Ten years ago, I was preparing to join my brother Jim and his partner Joe to ring in the new millenium in Los Angeles...a big city where we laughingly thought we'd last at least a few days should the dreaded Y2K hysteria actually come true.
My, my. Ten years later, it seems as though the hysteria was simply drawn out like a giant piece of taffy, stretching across a decade of anxiety, war, bubbles and recession.
TIME Magazine has "stolen" my term, which I began using with friends in Denver about a year ago: This is a lost decade.
We began with a contested election decided by the Supreme Court, but we all seemed to collectively shrug it off, feeling that whomever had won in '00, he would be a one-term president because of the inevitable downturn following the tech bubble.
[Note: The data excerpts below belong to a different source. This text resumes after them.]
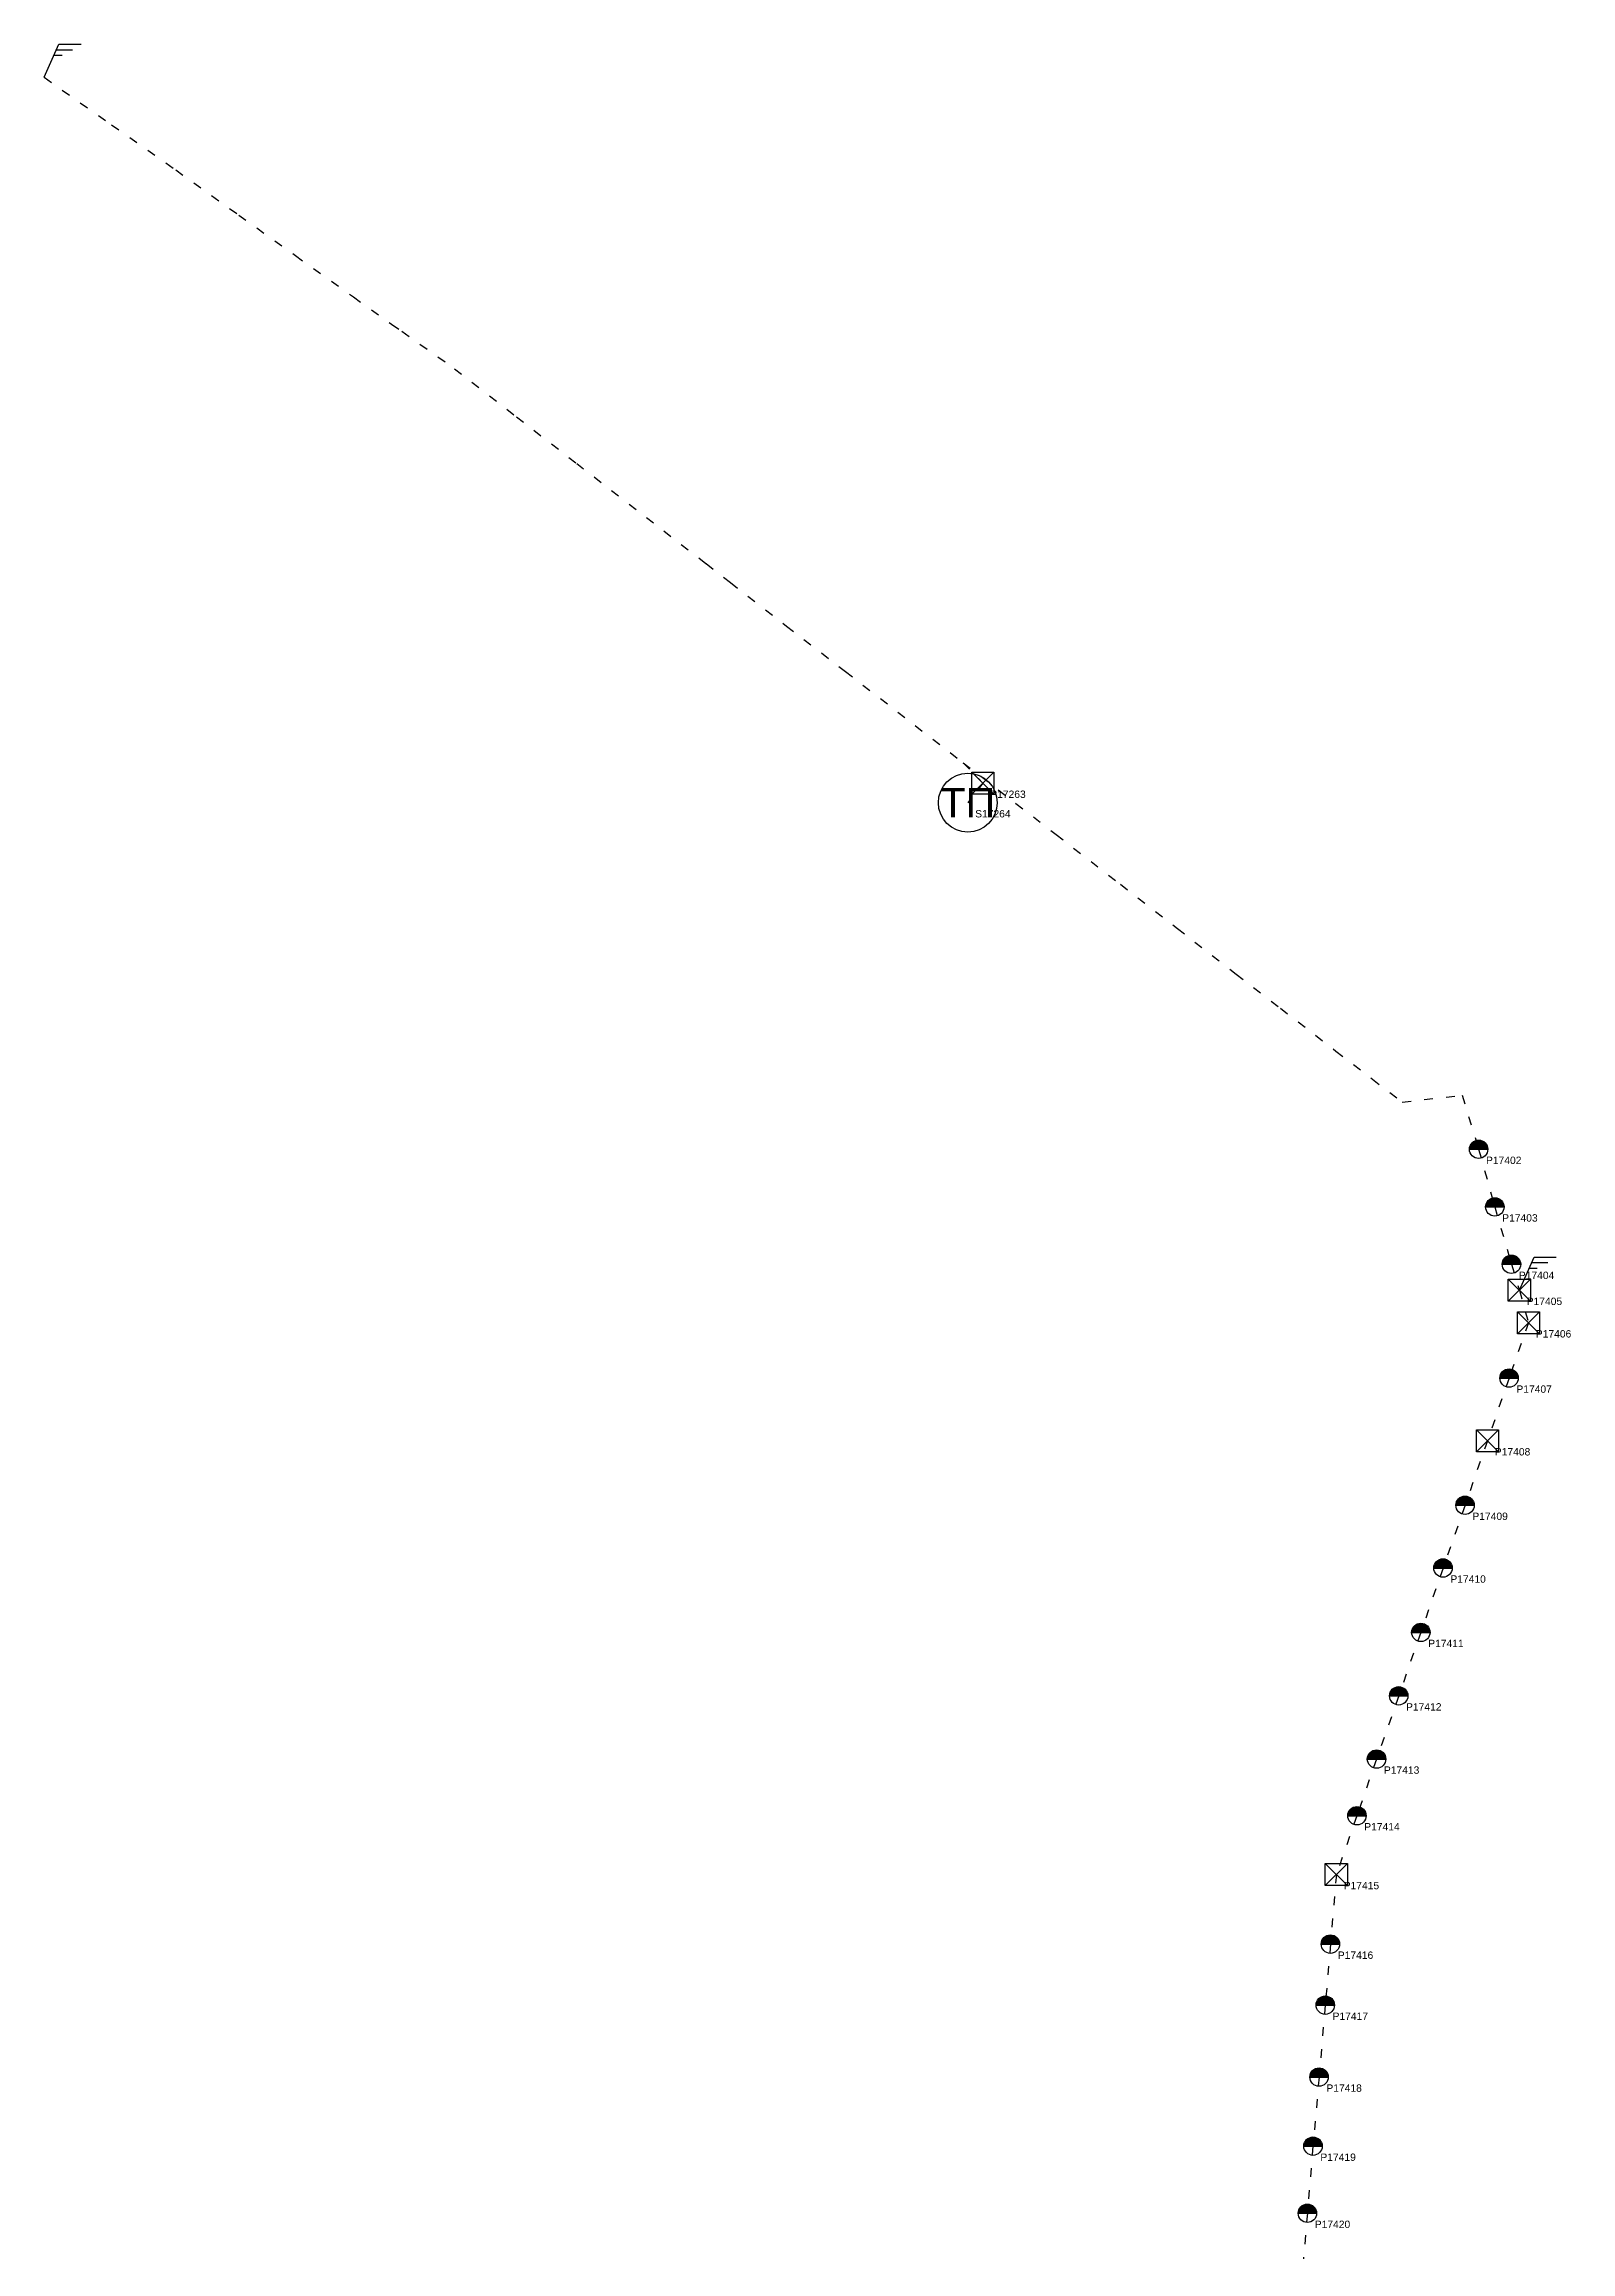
# Model space of a CAD drawing. Header units: metres. Extents: x 312646 to 321649, y 4821441 to 4834171.
# Drawn here: x 312646 to 314720, y 4831171 to 4834171 of the extents above; entities that cross this region are included whole.
import ezdxf
from ezdxf.enums import TextEntityAlignment as Align

# ---------------------------------------------------------------- set-up
doc = ezdxf.new("R2010")
doc.units = ezdxf.units.M
doc.header["$MEASUREMENT"] = 0
doc.linetypes.add('ACAD_ISO03W100', pattern=[30, 12, -18])
for name, color, linetype, lineweight in [('1_4', 7, 'Continuous', 25), ('21_2', 200, 'ACAD_ISO03W100', 25), ('28_2', 7, 'Continuous', 25), ('28_3', 7, 'Continuous', 25), ('57_2', 7, 'Continuous', 30), ('8_1', 140, 'Continuous', 25)]:
    doc.layers.add(name, color=color, linetype=linetype, lineweight=lineweight)
doc.styles.get("Standard").update_dxf_attribs({"font": 'arial.ttf', "height": 2})

# ---------------------------------------------------------------- blocks, each defined once
blk = doc.blocks.new('SECTIONALIZER-8_1')
at = {"layer": '8_1'}
for points in [[(0, 0), (2, 4.5)], [(1.33, 3), (2.43, 3)], [(1.67, 3.75), (3.86, 3.75)], [(2, 4.5), (5, 4.5)]]:
    blk.add_lwpolyline(points, dxfattribs=at)
blk = doc.blocks.new('TP-1_4')
at = {"layer": '1_4'}
blk.add_circle((0, 0), 4, dxfattribs=at)
at = {"layer": '1_4', "insert": (0, 0), "char_height": 4, "attachment_point": 5}
blk.add_mtext_dynamic_manual_height_columns('ТП', width=5.0652, gutter_width=75, heights=[0], dxfattribs=at)
at = {"layer": '1_4'}
blk.add_attdef('FIELD_ID', (4.98, 0.01), '', height=4, dxfattribs=at)
blk = doc.blocks.new('PYLON-MV-28_2')
at = {"layer": '28_2'}
blk.add_hatch(color=256, dxfattribs=at).paths.add_polyline_path([(-1.25, 0), (1.25, 0, 1)])
blk.add_line((-1.25, 0), (1.25, 0), dxfattribs=at)
blk.add_circle((0, 0), 1.25, dxfattribs=at)
blk.add_attdef('FIELD_ID', (2.57, 0), '', height=2, dxfattribs=at)
blk = doc.blocks.new('PYLON-MV-28_3')
at = {"layer": '28_3'}
blk.add_lwpolyline([(-1.5, 1.5), (1.5, 1.5), (1.5, -1.5), (-1.5, -1.5)], close=True, dxfattribs=at)
for points in [[(-1.5, 1.5), (1.5, -1.5)], [(-1.5, -1.5), (1.5, 1.5)]]:
    blk.add_lwpolyline(points, dxfattribs=at)
blk.add_attdef('FIELD_ID', (2.57, 0), '', height=2, dxfattribs=at)

msp = doc.modelspace()

# ---------------------------------------------------------------- linework, layer by layer
at = {"layer": '21_2'}
for points in [[(312645.8, 4834126.2), (312737.4, 4834061.7), (312824.5, 4834000.3), (312910.1, 4833939), (312987.1, 4833884), (313065.8, 4833827.8), (313117.6, 4833790.7), (313131.6, 4833781.1), (313203.2, 4833730.2), (313287.4, 4833664.9), (313369.1, 4833601.5), (313463.8, 4833528.1), (313544.8, 4833465.4), (313578.1, 4833439.6), (313654, 4833380.6), (313734.2, 4833318.7), (313894.2, 4833194.9)], [(313894.2, 4833194.9), (313920.9, 4833167), (313900.4, 4833140.5)], [(313894.2, 4833194.9), (313965.7, 4833139.6), (314020.3, 4833097.3), (314107.8, 4833029.6), (314185.1, 4832969.5), (314264.9, 4832907.7), (314325.3, 4832861.1), (314400.4, 4832803.1), (314449.9, 4832764.9), (314490.5, 4832733.6), (314572, 4832742.9), (314594.3, 4832669.6), (314616.3, 4832591.3), (314638.9, 4832513.3), (314649.6, 4832478)], [(314649.6, 4832478), (314662, 4832433.8), (314635.6, 4832358.7), (314606.3, 4832273.5), (314575.8, 4832185.9), (314545.9, 4832100.6), (314515.8, 4832013.1), (314485.7, 4831926.9), (314455.6, 4831841), (314428.9, 4831764), (314401, 4831684.1), (314393, 4831589.5), (314385.9, 4831506.6), (314377.5, 4831408.9), (314369.3, 4831315), (314361.7, 4831223.8), (314353.4, 4831126.6), (314344.7, 4831026.3), (314336.7, 4830929.6), (314327.9, 4830829.7), (314319.2, 4830729.9), (314310.9, 4830631.7)]]:
    msp.add_lwpolyline(points, dxfattribs=at)

# ---------------------------------------------------------------- block references
at = {"layer": '1_4', "xscale": 10, "yscale": 10}
msp.add_blockref('TP-1_4', (313900.4, 4833140.5), dxfattribs=at)
at = {"layer": '28_2', "xscale": 10, "yscale": 10}
for p in [(314594.3, 4832669.6), (314616.3, 4832591.3), (314638.9, 4832513.3), (314635.6, 4832358.7), (314575.8, 4832185.9), (314545.9, 4832100.6), (314515.8, 4832013.1), (314485.7, 4831926.9), (314455.6, 4831841), (314428.9, 4831764), (314393, 4831589.5), (314385.9, 4831506.6), (314377.5, 4831408.9), (314369.3, 4831315), (314361.7, 4831223.8)]:
    msp.add_blockref('PYLON-MV-28_2', p, dxfattribs=at)
at = {"layer": '28_3', "xscale": 10, "yscale": 10}
for p in [(313920.9, 4833167), (314649.6, 4832478), (314662, 4832433.8), (314606.3, 4832273.5), (314401, 4831684.1)]:
    msp.add_blockref('PYLON-MV-28_3', p, dxfattribs=at)
at = {"layer": '8_1', "xscale": 10, "yscale": 10}
for p in [(312645.8, 4834126.2), (314649.6, 4832478)]:
    msp.add_blockref('SECTIONALIZER-8_1', p, dxfattribs=at)

# ---------------------------------------------------------------- texts
at = {"layer": '57_2'}
for s, p in [('S17264', (313910.4, 4833130.5)), ('P17263', (313930.9, 4833157)), ('P17402', (314604.3, 4832659.6)), ('P17403', (314626.3, 4832581.3)), ('P17404', (314648.9, 4832503.3)), ('P17405', (314659.6, 4832468)), ('P17406', (314672, 4832423.8)), ('P17407', (314645.6, 4832348.7)), ('P17408', (314616.3, 4832263.5)), ('P17409', (314585.8, 4832175.9)), ('P17410', (314555.9, 4832090.6)), ('P17411', (314525.8, 4832003.1)), ('P17412', (314495.7, 4831916.9)), ('P17413', (314465.6, 4831831)), ('P17414', (314438.9, 4831754)), ('P17415', (314411, 4831674.1)), ('P17416', (314403, 4831579.5)), ('P17417', (314395.9, 4831496.6)), ('P17418', (314387.5, 4831398.9)), ('P17419', (314379.3, 4831305)), ('P17420', (314371.7, 4831213.8))]:
    msp.add_text(s, height=10, dxfattribs=at).set_placement(p, align=Align.TOP_LEFT)

doc.saveas('drawing.dxf')

September 11 changed it all. We had an unprecedented terrorist attack, followed by wars that absolutely no one would have predicted in December of 1999.
Add the housing/real estate bubble, and now the worst recession of our lifetimes, and I think many of us are gasping for air, impatient for the calendar to turn to 2010 so we can all say "well, at least that's over."
And yet...even in the midst of this decade of bad news, fear, and the only RIF I've ever endured...this decade will always be remembered as the decade of my absolute best job ever: My gig at RockResorts with incredible people like Linda McGill, Ed Mace and David Dudar. I may very well spend the remainder of my career searching for a way to capture that magic again.
It goes to show you: There are always things to be thankful for. As crappy as the past ten years have been collectively for the country, I look around and see all of my brothers and sisters and their families happy and healthy, and although it's not my first choice of cities in which to live, I do have a job that is very close to RockResorts model.
An old Joe Walsh song includes the lyric "I can't complain...but sometimes I still do." I recall that lyric especially now as the media helps us throw out this decade. I should complain less; we probably all should.
But, oh how I am looking forward to the "Teens!"